■ TASK INSTRUCTIONS ■
Every line from the first record below down to the line that includes "[picture b7s1b: schematic" must be reproduced exactly; the pictures are not.

■ GIVEN DATA ■

# # # # #

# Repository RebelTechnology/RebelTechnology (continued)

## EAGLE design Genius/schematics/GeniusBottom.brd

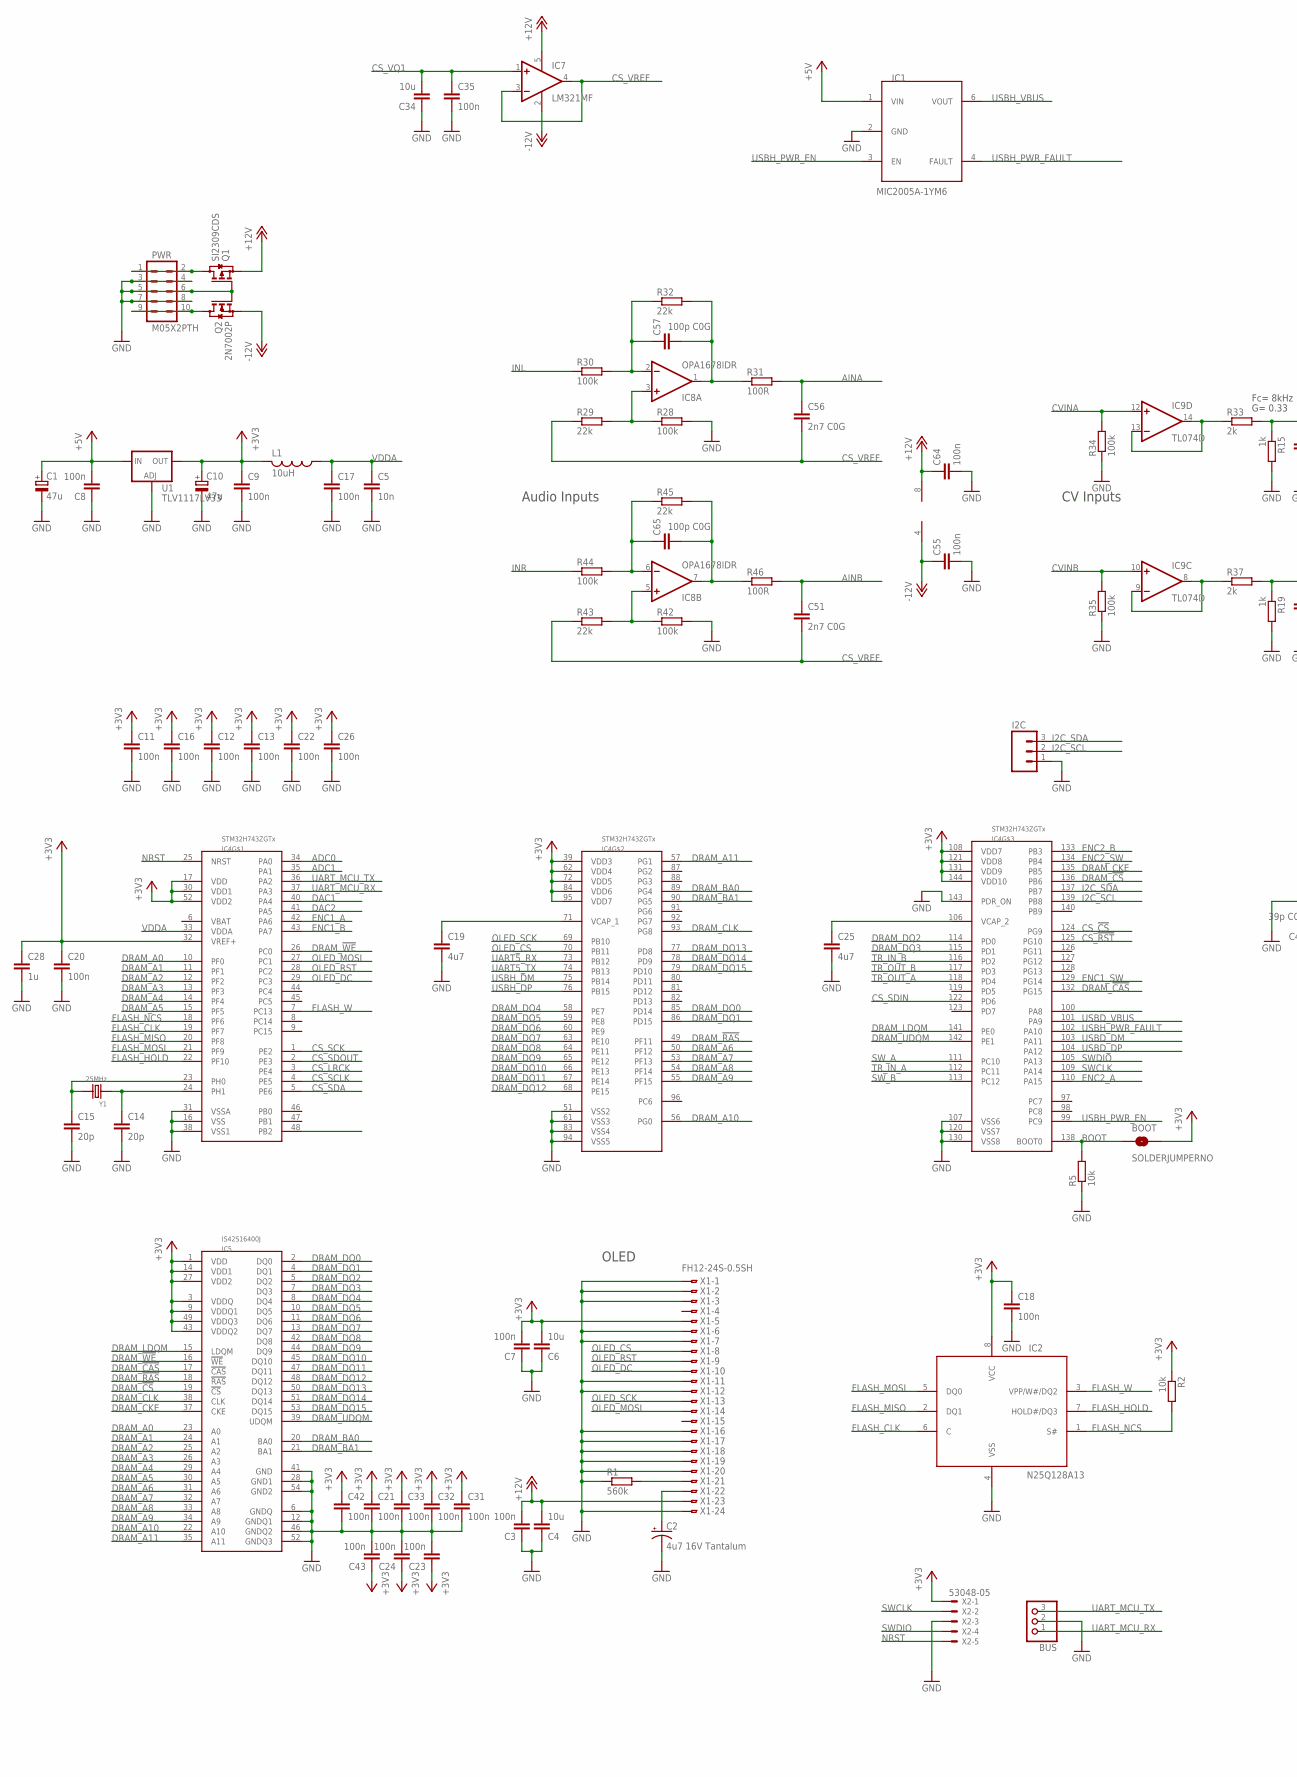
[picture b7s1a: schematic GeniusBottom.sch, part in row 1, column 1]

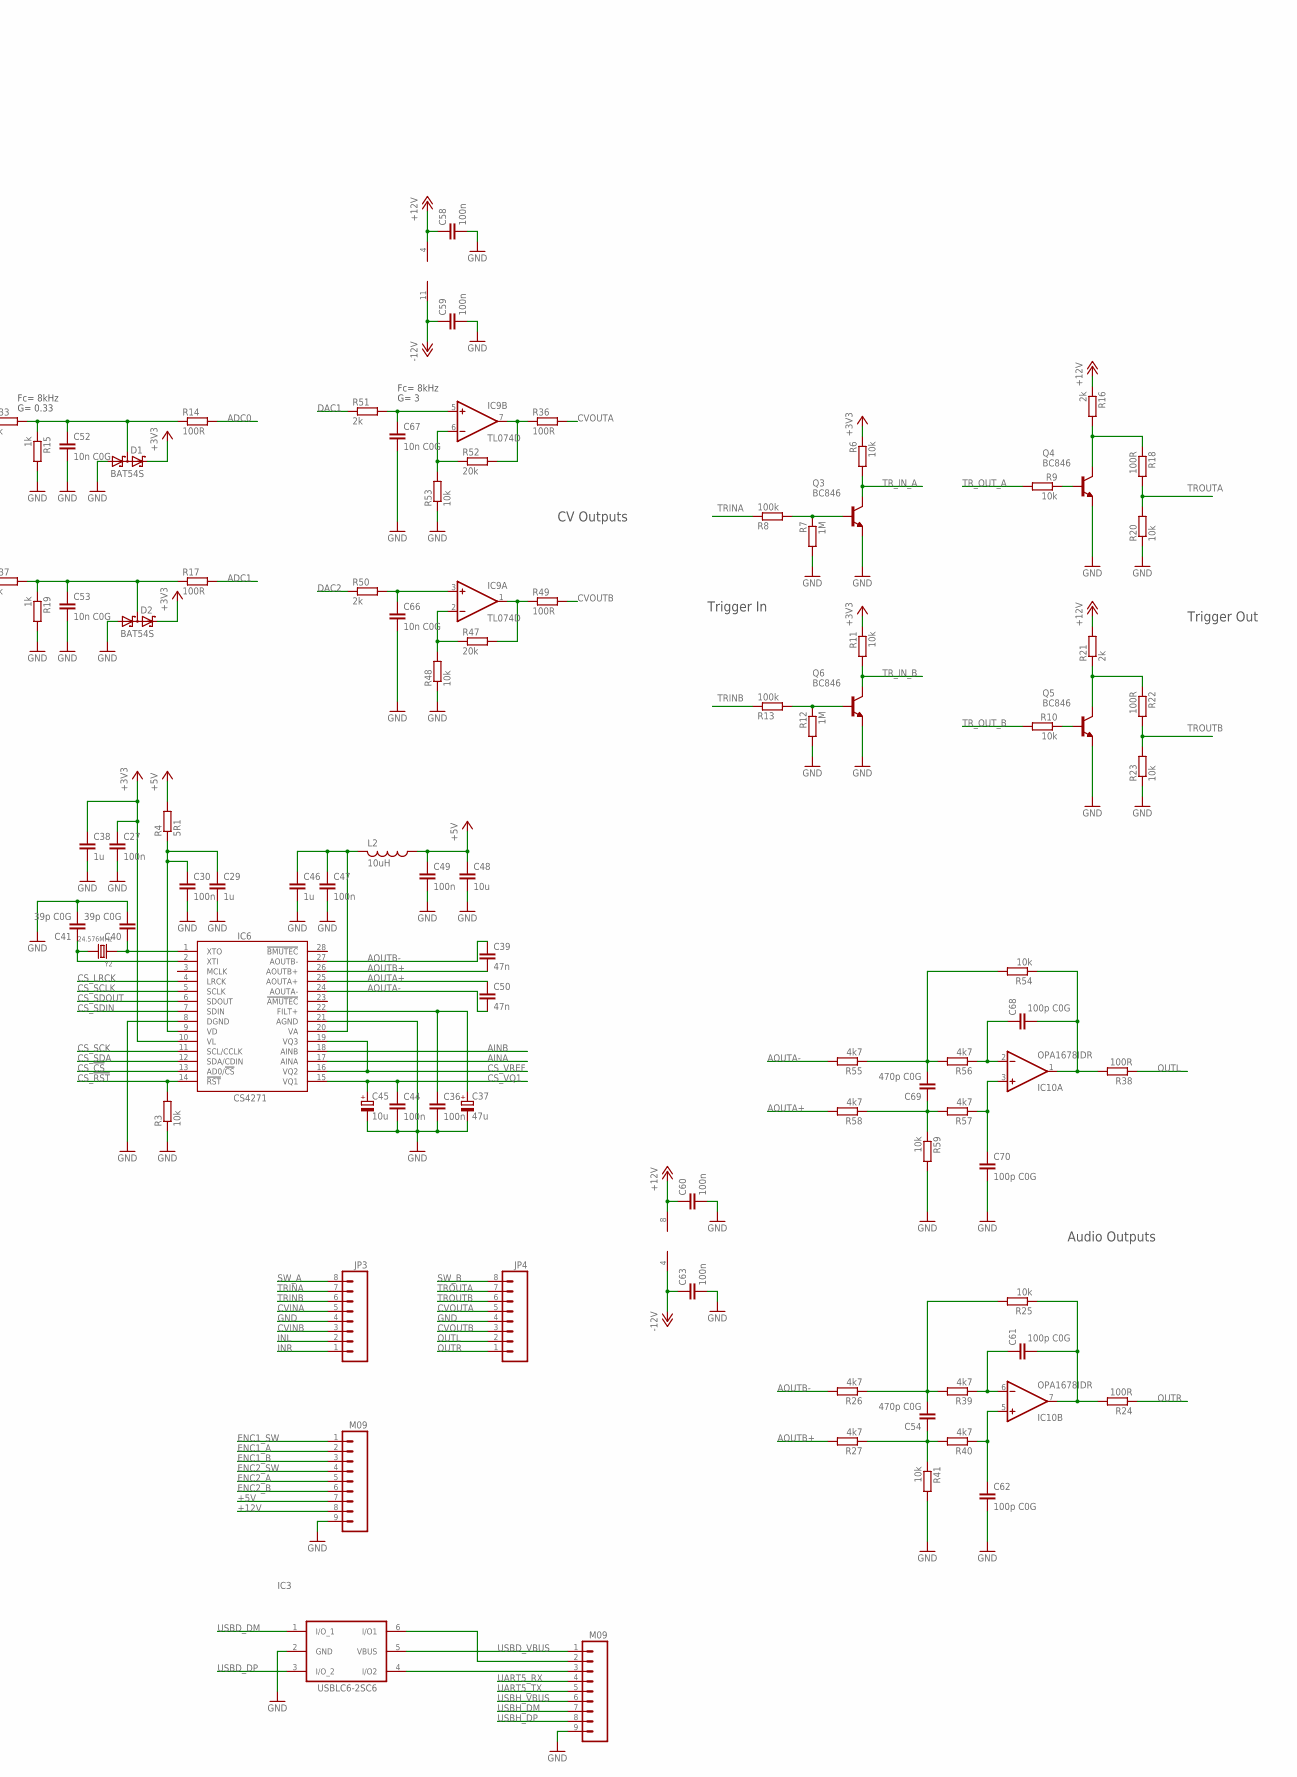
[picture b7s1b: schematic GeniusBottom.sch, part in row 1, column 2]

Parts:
BOOT: SOLDERJUMPERNO; SJ_2S-NO
BUS: CON-JST-1X03PH-TH; JST-B3B-PH-KL
C1, C10, C37: 47u; CPOL-5
C2: 4u7 16V Tantalum; EIA3216
C3, C7, C8, C9, C11, C12, C13, C16, C17, C18, C20, C21, C22, C23, C24, C26, C27, C30, C31, C32, C33, C35, C36, C42, C43, C44, C47, C49, C55, C58, C59, C60, C63, C64: 100n; C0603
C4, C6, C34, C48: 10u; C1206
C5: 10n; C0603
C14, C15: 20p; C0603
C19, C25: 4u7; C0603
C28, C29, C38, C46: 1u; C0603
C39, C50: 47n; C0603
C40, C41: 39p C0G; C0603
C45: 10u; CPOL-5
C51, C56: 2n7 C0G; C0603
C52, C53, C66, C67: 10n C0G; C0603
C54, C69: 470p C0G; C0603
C57, C61, C62, C65, C68, C70: 100p C0G; C0603
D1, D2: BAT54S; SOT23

# # # # #

■ EXERCISE SOLUTION ■
# Repository RebelTechnology/RebelTechnology (continued)

## EAGLE design Genius/schematics/GeniusBottom.brd

[picture b7s1a: schematic GeniusBottom.sch, part in row 1, column 1]

[picture b7s1b: schematic GeniusBottom.sch, part in row 1, column 2]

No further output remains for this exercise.